Seine Darstellung ist was ich mir erhofft hatte und übertrifft es sogar. In meinen Augen hat er die vorbelastete Figur des Punisher und die pragmatischen Vorgehensweise hervorragend eingefangen. Die aus dem inneren Schmerz gewonnene dunkle Energie kommt immer wieder, auch schon mal in Gewaltausbrüchen, zum Vorschein. Es gibt der Figur genau, was ich von ihr erwarte.
Mit dem Punisher steigt der Gewaltgrad in der Serie, um ein Vielfaches. Das ist von den Machern auch konsequent umgesetzt und sehr zu begrüßen. Denn alles andere hätte der Figur des Punisher und damit auch der Serie nur geschadet.
Der Kontrast zum Daredevil der nicht tötet, könnte dabei nicht größer sein. Dies ist dann auch immer wieder eine zentrale Frage, die im Raum steht. Nicht nur, weil der Punisher dieses Thema ebenso aufgreift, sondern auch weil Elektra, eine weitere neu eingeführte Figur, den Tod anderer in Kauf nimmt.
Elektra ist ebenfalls eine bekannte Figur aus dem Umfeld der Daredevil-Comics und ist in der 2. Staffel auch zum ersten Mal mit dabei. Als Figur aus den Comics ist sie mir durchaus bekannt, doch fehlt mir bei ihr das Hintergrundwissen. Jedoch habe ich auch hier das Gefühl, dass die Macher der Serie sie gekonnt eingearbeitet haben, um ihr für einen späteren Zeitpunkt noch größere Bedeutung beizumessen.
Mit Elektra bekommt man dann auch großartige Kampf-Szenen im Duett zu sehen. Auch dabei wurde nicht gekleckert sondern geklotzt. Daredevil und Elektra setzen auf die gute alte Kampfkunst mit Armen und Beinen. Das sieht nicht nur gut und gekonnt aus, sonder passt auch zum Szenario der Serie und wirkt daher nicht überladen.
Die 2. Staffel von Daredevil hat somit verdammt viel von dem, was man von einer Comicumsetzung mit Tiefgang erwarten kann. Gerade wegen der Düsternis und des sehr ersten Untertons, macht Daredevil viel Spaß und bleibt spannend. Als Comicliebhaber fühlt man sich entsprechend erstgenommen und man merkt, dass man hier ein eher erwachseneres Publikum ansprechen möchte, was der Serie sehr zu Gute kommt.

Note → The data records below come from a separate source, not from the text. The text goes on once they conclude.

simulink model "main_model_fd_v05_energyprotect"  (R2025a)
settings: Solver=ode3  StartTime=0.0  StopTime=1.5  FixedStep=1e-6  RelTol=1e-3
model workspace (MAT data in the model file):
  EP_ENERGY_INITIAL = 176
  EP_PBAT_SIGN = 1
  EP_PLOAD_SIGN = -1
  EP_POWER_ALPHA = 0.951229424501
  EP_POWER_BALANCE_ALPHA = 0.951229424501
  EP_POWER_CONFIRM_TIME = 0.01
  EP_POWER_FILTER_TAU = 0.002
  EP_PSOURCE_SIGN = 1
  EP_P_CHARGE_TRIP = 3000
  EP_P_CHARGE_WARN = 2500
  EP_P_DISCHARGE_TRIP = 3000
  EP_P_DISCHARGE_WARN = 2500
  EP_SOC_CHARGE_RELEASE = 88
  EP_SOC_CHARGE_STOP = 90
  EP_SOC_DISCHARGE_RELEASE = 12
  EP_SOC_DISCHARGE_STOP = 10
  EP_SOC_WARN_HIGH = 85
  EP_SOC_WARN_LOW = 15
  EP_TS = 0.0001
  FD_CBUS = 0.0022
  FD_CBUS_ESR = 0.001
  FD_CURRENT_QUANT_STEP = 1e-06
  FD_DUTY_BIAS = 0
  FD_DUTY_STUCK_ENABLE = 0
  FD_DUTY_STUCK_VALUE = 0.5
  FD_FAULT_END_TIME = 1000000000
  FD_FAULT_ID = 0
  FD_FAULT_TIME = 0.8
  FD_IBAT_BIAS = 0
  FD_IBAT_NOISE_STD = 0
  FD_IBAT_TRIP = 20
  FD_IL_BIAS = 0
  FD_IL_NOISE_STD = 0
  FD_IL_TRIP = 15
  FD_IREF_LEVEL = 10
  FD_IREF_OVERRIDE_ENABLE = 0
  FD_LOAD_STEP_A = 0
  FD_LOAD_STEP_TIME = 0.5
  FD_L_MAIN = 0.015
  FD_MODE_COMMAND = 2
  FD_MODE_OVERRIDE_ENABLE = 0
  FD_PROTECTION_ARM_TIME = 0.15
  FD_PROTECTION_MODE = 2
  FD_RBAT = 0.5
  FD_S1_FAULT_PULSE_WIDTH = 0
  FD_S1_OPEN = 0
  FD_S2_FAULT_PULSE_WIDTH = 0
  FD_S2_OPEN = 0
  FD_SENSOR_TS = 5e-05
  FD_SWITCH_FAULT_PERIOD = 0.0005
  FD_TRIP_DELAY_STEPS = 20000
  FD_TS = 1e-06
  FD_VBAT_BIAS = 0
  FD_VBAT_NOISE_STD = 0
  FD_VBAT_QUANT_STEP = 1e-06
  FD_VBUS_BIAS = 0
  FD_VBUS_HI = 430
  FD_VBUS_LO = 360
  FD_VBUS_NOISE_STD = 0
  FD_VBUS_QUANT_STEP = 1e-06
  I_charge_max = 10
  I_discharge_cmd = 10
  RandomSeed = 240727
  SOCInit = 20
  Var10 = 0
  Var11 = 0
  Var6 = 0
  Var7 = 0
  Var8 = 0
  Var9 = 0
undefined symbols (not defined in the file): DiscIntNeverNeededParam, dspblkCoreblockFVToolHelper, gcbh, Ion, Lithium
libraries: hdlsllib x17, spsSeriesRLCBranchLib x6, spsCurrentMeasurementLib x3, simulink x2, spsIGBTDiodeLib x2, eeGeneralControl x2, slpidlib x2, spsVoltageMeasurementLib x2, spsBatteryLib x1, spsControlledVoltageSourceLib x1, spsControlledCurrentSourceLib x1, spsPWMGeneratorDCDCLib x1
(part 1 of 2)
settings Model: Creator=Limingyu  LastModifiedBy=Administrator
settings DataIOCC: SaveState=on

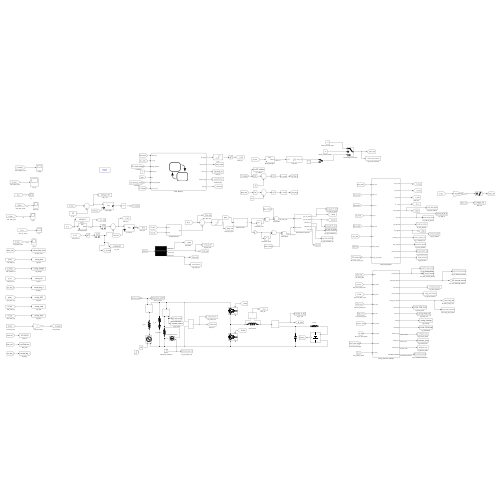
[thumbnail: Simulink's stored preview of the top-level diagram]
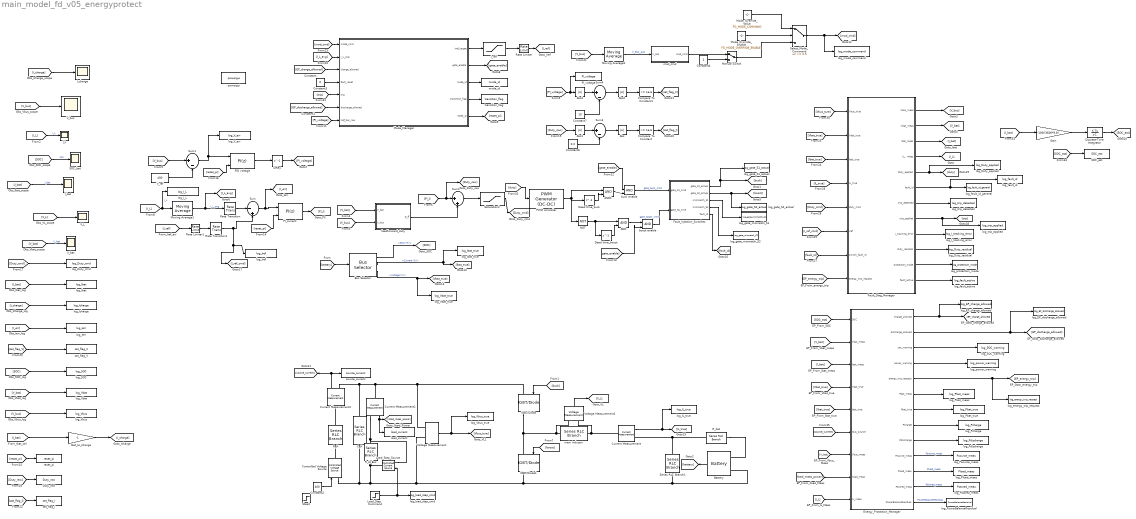
== system main_model_fd_v05_energyprotect ==
  AND : Logic  IconShape=distinctive  AllPortsSameDT=off  OutDataTypeStr=boolean
  AND1 : Logic  IconShape=distinctive  AllPortsSameDT=off  OutDataTypeStr=boolean
  Abs{,1..3} (4 alike) : Abs  SaturateOnIntegerOverflow=off
  Battery : spsBatteryLib/Battery  BatType=Lithium-Ion  NomV=200  NomQ=9.8  SOC=20  Batt_Tr=30  PresetModel=on  MaxQ=9.8  MinV=150  FullV=232.7974  Dis_rate=4.2609  R=0.20408  Normal_OP=8.8626  expZone="[216.0772     0.4814783]"
      link override Model/Discrete/Unit Delay: InitialCondition=Batt.E0 - Batt.K*Batt.Q/(Batt.Q-(1-SOC/100)*Batt.Q*(1/Batt.lambda))*((1-SOC/100)*Batt.Q*(1/Batt.lambda)) + Batt.A*exp(-Batt.B*((1-SOC/100)*Batt.Q*(1/Batt.lambda)))
  Bus Selector : BusSelector  OutputSignals=SOC (%),Current (A),Voltage (V)
  C_H : spsSeriesRLCBranchLib/Series RLC Branch  LConnTagsString=__new0  RConnTagsString=__new0  BranchType=RC  Resistance=FD_CBUS_ESR  Inductance=1e-3  SetiL0=off  InitialCurrent=0  Capacitance=FD_CBUS  Setx0=on  InitialVoltage=400  Measurements=Branch voltage
  Compare To Constant : simulink/Logic and Bit Operations/Compare To Constant  relop=<=  const=1e-6  OutDataTypeStr=boolean
  Compare To Constant1 : simulink/Logic and Bit Operations/Compare To Constant  relop=<=  const=1e-6  OutDataTypeStr=boolean
  Constant2 : Constant  Value=400
  Constant3 : Constant  Value=0  OutDataTypeStr=boolean
  Constant4 : Constant  OutDataTypeStr=double
  Constant6 : Constant  Value=0.2
  Constant7 : Constant  Value=10
  Controlled Voltage Source : spsControlledVoltageSourceLib/Controlled Voltage Source  Initialize=on  Source_Type=DC  Amplitude=400  Phase=0  Frequency=0  Measurements=None
  Current Measurement : spsCurrentMeasurementLib/Current Measurement  PhasorSimulation=off  OutputType=Complex  PSBequivalent=0
  Current Measurement1 : spsCurrentMeasurementLib/Current Measurement  PhasorSimulation=off  OutputType=Complex  PSBequivalent=0
  Current Measurement2 : spsCurrentMeasurementLib/Current Measurement  PhasorSimulation=off  OutputType=Complex  PSBequivalent=0
  Dead time_boost : Delay  DelayLength=1  InputProcessing=Columns as channels (frame based)  SampleTime=2e-6
  Dead time_buck : Delay  DelayLength=1  InputProcessing=Columns as channels (frame based)  SampleTime=2e-6
  Delay : Delay  DelayLength=1  InputProcessing=Columns as channels (frame based)  SampleTime=1e-3
  Discrete-Time Integrator : DiscreteIntegrator  InitialCondition=SOCInit  SampleTime=EP_TS  LimitOutput=on  UpperSaturationLimit=100  LowerSaturationLimit=0  ICPrevOutput=DiscIntNeverNeededParam  ICPrevScaledInput=DiscIntNeverNeededParam
  Duty_raw : ToWorkspace  VariableName=Duty_raw  SaveFormat=Timeseries  SampleTime=-1
  Energy_Protection_Manager : Subsystem
  Fault_Diag_Manager : Subsystem
  Fault_Injection_Switches : Subsystem
  Gain : Gain  Gain=-100/(3600*9.8)
  IGBT/Diode : spsIGBTDiodeLib/IGBT//Diode  Ron=1e-3  Rs=1e5  Cs=inf  Measurements=on
  IGBT/Diode1 : spsIGBTDiodeLib/IGBT//Diode  Ron=1e-3  Rs=1e5  Cs=inf  Measurements=on
  I_L : Scope
      settings: ActiveDisplayYMinimum=-1  ActiveDisplayYMaximum=1
  I_bat : Scope
      settings: ActiveDisplayYMinimum=9.9262651650151241  ActiveDisplayYMaximum=26.223015826126126  DataLoggingVariableName=scope_V_bat1
  I_charge : Scope
      settings: ActiveDisplayYMinimum=-1435.850063928573  ActiveDisplayYMaximum=6954.7870735806873  DataLoggingVariableName=scope_I_L
  I_ref' : Saturate  UpperLimit=I_charge_max  LowerLimit=-I_discharge_cmd
  Ibat_to_Icharge : Gain  Gain=-1
  Load_Step_Command : Step  Time=FD_LOAD_STEP_TIME  After=FD_LOAD_STEP_A  SampleTime=FD_TS
  Load_Step_Source : spsControlledCurrentSourceLib/Controlled Current Source  Initialize=on  Source_Type=AC  Amplitude=0  Phase=0  Frequency=0  Measurements=None
  Manual Switch : ManualSwitch
  Mode_Manager : Stateflow chart  TreatAsAtomicUnit=on
  Mode_Override_Enable : Constant  Value=FD_MODE_OVERRIDE_ENABLE
  Mode_Override_Value : Constant  Value=FD_MODE_COMMAND
  Moving Average1 : eeGeneralControl/Moving Average  VariantControl=Variant1  LabelModeActiveChoice=Discrete  f=20e3  x0=0  BufferSize=8192  Ts=1e-6
      settings: LibrarySourceBlock=ee_sl_lib/General Control/Moving Average
  Moving Average2 : eeGeneralControl/Moving Average  VariantControl=Variant1  LabelModeActiveChoice=Discrete  f=20e3  x0=0  BufferSize=8192  Ts=1e-6
      settings: LibrarySourceBlock=ee_sl_lib/General Control/Moving Average
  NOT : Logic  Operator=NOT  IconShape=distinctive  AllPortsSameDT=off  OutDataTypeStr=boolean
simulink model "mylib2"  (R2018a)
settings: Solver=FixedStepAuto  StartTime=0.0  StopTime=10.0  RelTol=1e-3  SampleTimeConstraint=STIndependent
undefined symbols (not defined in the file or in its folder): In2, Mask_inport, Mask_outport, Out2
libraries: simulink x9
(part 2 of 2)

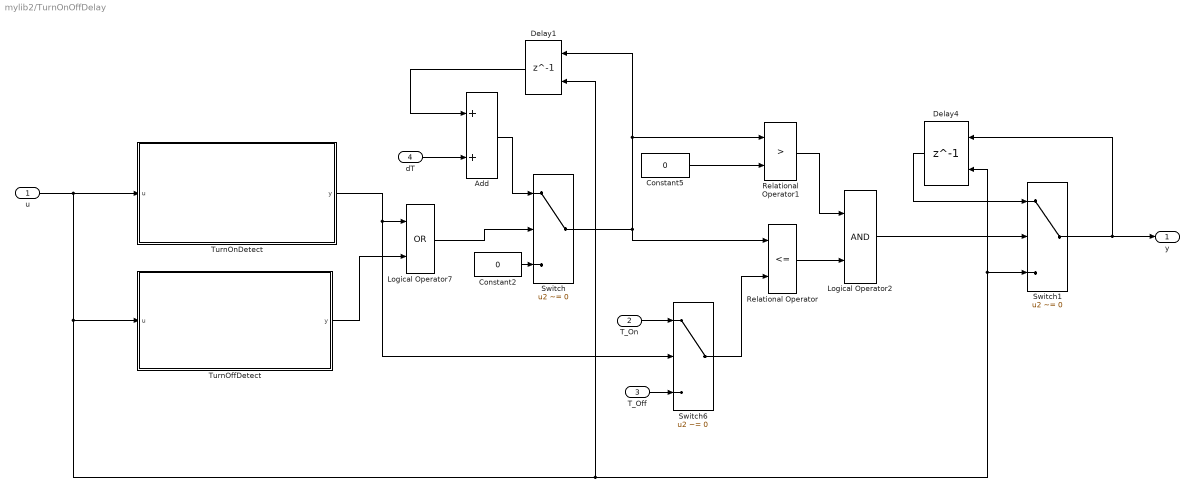
== system mylib2/TurnOnOffDelay ==
  u : Inport  OutDataTypeStr=boolean
  T_On : Inport  Port=2
  T_Off : Inport  Port=3
  dT : Inport  Port=4
  Add : Sum  RndMeth=Round  SaturateOnIntegerOverflow=on  InputSameDT=on  OutDataTypeStr=Inherit: Same as first input
  Constant2 : Constant  Value=0  OutDataTypeStr=Inherit: Inherit via back propagation
  Constant5 : Constant  Value=0  OutDataTypeStr=Inherit: Inherit via back propagation
  Delay1 : Delay  DelayLength=1  ExternalReset=Either
      settings: InputPortMap=u0,r5
  Delay4 : Delay  DelayLength=1  InitialConditionSource=Input port
      settings: InputPortMap=u0,p4
  Logical Operator2 : Logic  OutDataTypeStr=boolean
  Logical Operator7 : Logic  Operator=OR  OutDataTypeStr=boolean
  Relational Operator : RelationalOperator  Operator=<=  OutDataTypeStr=boolean  RndMeth=Simplest  InputSameDT=on
  Relational Operator1 : RelationalOperator  Operator=>  OutDataTypeStr=boolean  RndMeth=Simplest  InputSameDT=on
  Switch : Switch  Criteria=u2 ~= 0  RndMeth=Round  InputSameDT=on
  Switch1 : Switch  Criteria=u2 ~= 0
  Switch6 : Switch  Criteria=u2 ~= 0  RndMeth=Round  InputSameDT=on
  TurnOffDetect : Subsystem
  TurnOnDetect : Subsystem
  y : Outport  OutDataTypeStr=boolean
  wires:
  dT/1 -> Add/2
  Switch/1 -> Relational Operator1/1, Delay1/1, Relational Operator/1
  Delay1/1 -> Add/1
  Switch1/1 -> Delay4/1, y/1
  Add/1 -> Switch/1
  Logical Operator2/1 -> Switch1/2
  Constant2/1 -> Switch/3
  Relational Operator/1 -> Logical Operator2/2
  Relational Operator1/1 -> Logical Operator2/1
  Logical Operator7/1 -> Switch/2
  T_Off/1 -> Switch6/3
  T_On/1 -> Switch6/1
  Switch6/1 -> Relational Operator/2
  Constant5/1 -> Relational Operator1/2
  Delay4/1 -> Switch1/1
  u/1 -> Delay1/2, Delay4/2, Switch1/3, TurnOffDetect/1(u), TurnOnDetect/1(u)
  TurnOnDetect/1(y) -> Logical Operator7/1, Switch6/2
  TurnOffDetect/1(y) -> Logical Operator7/2

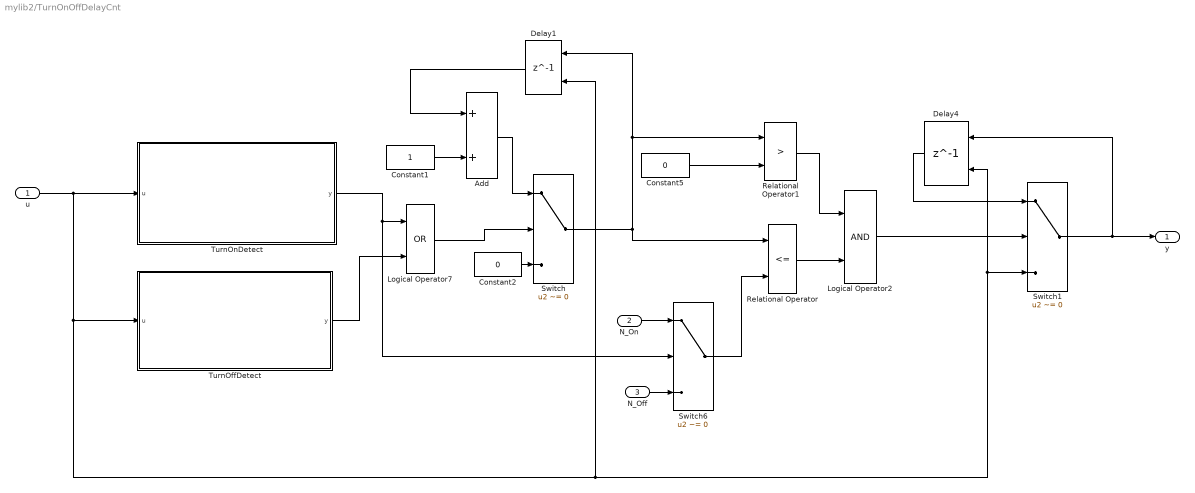
== system mylib2/TurnOnOffDelayCnt ==
  u : Inport  OutDataTypeStr=boolean
  N_On : Inport  Port=2
  N_Off : Inport  Port=3
  Add : Sum  RndMeth=Round  SaturateOnIntegerOverflow=on  InputSameDT=on  OutDataTypeStr=Inherit: Same as first input
  Constant1 : Constant  OutDataTypeStr=Inherit: Inherit via back propagation
  Constant2 : Constant  Value=0  OutDataTypeStr=Inherit: Inherit via back propagation
  Constant5 : Constant  Value=0  OutDataTypeStr=Inherit: Inherit via back propagation
  Delay1 : Delay  DelayLength=1  ExternalReset=Either
      settings: InputPortMap=u0,r5
  Delay4 : Delay  DelayLength=1  InitialConditionSource=Input port
      settings: InputPortMap=u0,p4
  Logical Operator2 : Logic  OutDataTypeStr=boolean
  Logical Operator7 : Logic  Operator=OR  OutDataTypeStr=boolean
  Relational Operator : RelationalOperator  Operator=<=  OutDataTypeStr=boolean  RndMeth=Simplest  InputSameDT=on
  Relational Operator1 : RelationalOperator  Operator=>  OutDataTypeStr=boolean  RndMeth=Simplest  InputSameDT=on
  Switch : Switch  Criteria=u2 ~= 0  RndMeth=Round  InputSameDT=on
  Switch1 : Switch  Criteria=u2 ~= 0
  Switch6 : Switch  Criteria=u2 ~= 0  RndMeth=Round  InputSameDT=on
  TurnOffDetect : Subsystem
  TurnOnDetect : Subsystem
  y : Outport  OutDataTypeStr=boolean
  wires:
  Constant1/1 -> Add/2
  Switch/1 -> Relational Operator1/1, Delay1/1, Relational Operator/1
  Delay1/1 -> Add/1
  Switch1/1 -> Delay4/1, y/1
  Add/1 -> Switch/1
  Logical Operator2/1 -> Switch1/2
  Constant2/1 -> Switch/3
  Relational Operator/1 -> Logical Operator2/2
  Relational Operator1/1 -> Logical Operator2/1
  Logical Operator7/1 -> Switch/2
  N_Off/1 -> Switch6/3
  N_On/1 -> Switch6/1
  Switch6/1 -> Relational Operator/2
  Constant5/1 -> Relational Operator1/2
  Delay4/1 -> Switch1/1
  u/1 -> Delay1/2, Delay4/2, Switch1/3, TurnOffDetect/1(u), TurnOnDetect/1(u)
  TurnOnDetect/1(y) -> Logical Operator7/1, Switch6/2
  TurnOffDetect/1(y) -> Logical Operator7/2

== system mylib2/twoAverage ==
  u1 : Inport
  u2 : Inport  Port=2
  Add : Sum  RndMeth=Round  SaturateOnIntegerOverflow=on  InputSameDT=on  OutDataTypeStr=Inherit: Same as first input
  Constant : Constant  Value=2  OutDataTypeStr=uint8
  Divide : Product  Inputs=*/  RndMeth=Round  SaturateOnIntegerOverflow=on  OutDataTypeStr=Inherit: Same as first input
  Divide1 : Product  Inputs=*/  RndMeth=Round  SaturateOnIntegerOverflow=on  OutDataTypeStr=Inherit: Same as first input
  y : Outport
  wires:
  Add/1 -> y/1
  u1/1 -> Divide/1
  Divide/1 -> Add/1
  Constant/1 -> Divide1/2, Divide/2
  u2/1 -> Divide1/1
  Divide1/1 -> Add/2

== system mylib2/F_M/Soft ==
  df : Inport  LibraryBlock=Mask_inport/In2  OutDataTypeStr=boolean
  frz : Inport  LibraryBlock=Mask_inport/In2  Port=2  OutDataTypeStr=boolean
  Delay : Delay  DelayLength=1  InitialConditionSource=Input port
      settings: InputPortMap=u0,p4
  Switch : Switch  Criteria=u2 ~= 0  InputSameDT=on
  F_M_xxx_fault_soft : Outport
  wires:
  frz/1 -> Switch/2
  Switch/1 -> Delay/1, F_M_xxx_fault_soft/1
  df/1 -> Delay/2, Switch/3
  Delay/1 -> Switch/1

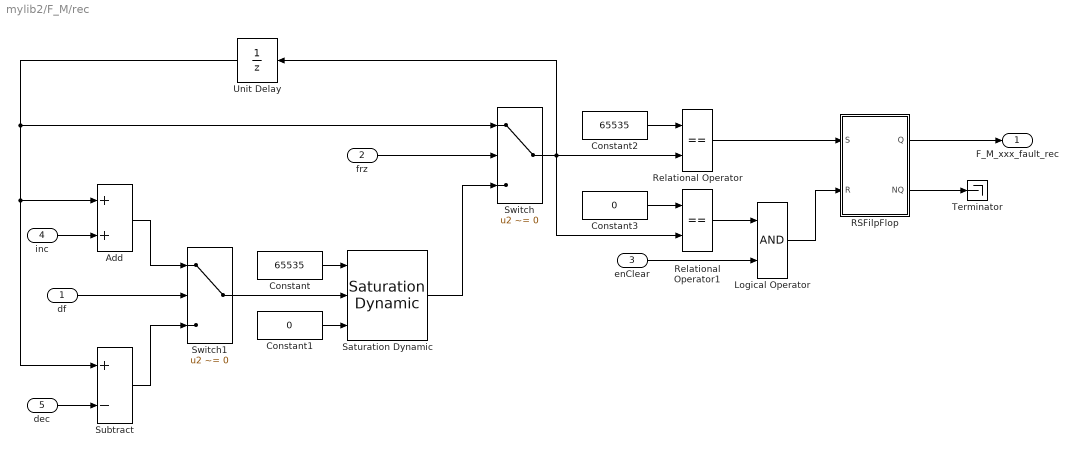
== system mylib2/F_M/rec ==
  df : Inport  LibraryBlock=Mask_inport/In2  OutDataTypeStr=boolean
  frz : Inport  LibraryBlock=Mask_inport/In2  Port=2  OutDataTypeStr=boolean
  enClear : Inport  LibraryBlock=Mask_inport/In2  Port=3  OutDataTypeStr=boolean
  inc : Inport  LibraryBlock=Mask_inport/In2  Port=4  OutDataTypeStr=uint16
  dec : Inport  LibraryBlock=Mask_inport/In2  Port=5  OutDataTypeStr=uint16
  Add : Sum  SaturateOnIntegerOverflow=on  InputSameDT=on  OutDataTypeStr=Inherit: Same as first input
  Constant : Constant  Value=65535  OutDataTypeStr=uint16
  Constant1 : Constant  Value=0  OutDataTypeStr=uint16
  Constant2 : Constant  Value=65535  OutDataTypeStr=uint16
  Constant3 : Constant  Value=0  OutDataTypeStr=uint16
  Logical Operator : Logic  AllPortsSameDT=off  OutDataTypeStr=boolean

Superhelden-Comics bestehen ja oft aus Dramen, etwas Krimi gepaart mit Beziehungs- und Alltagsproblemen, sowie den obligatorischen Kampfeinlagen. Genau dies trifft auch auf Daredevil zu und bringt die Serie so gut zum Funktionieren. Daredevil ist somit durchaus eine Serie, die sich nicht nur an Comic-Fans richtet. Jeder Serienliebhaber dem Action, Crime und Drama liegen, sollte Daredevil eine Chance geben.
Ich bin schon sehr gespannt, was die Macher für die 3. Staffel planen, aber wenn man die Richtung beibehält kann eigentlich nichts schief gehen.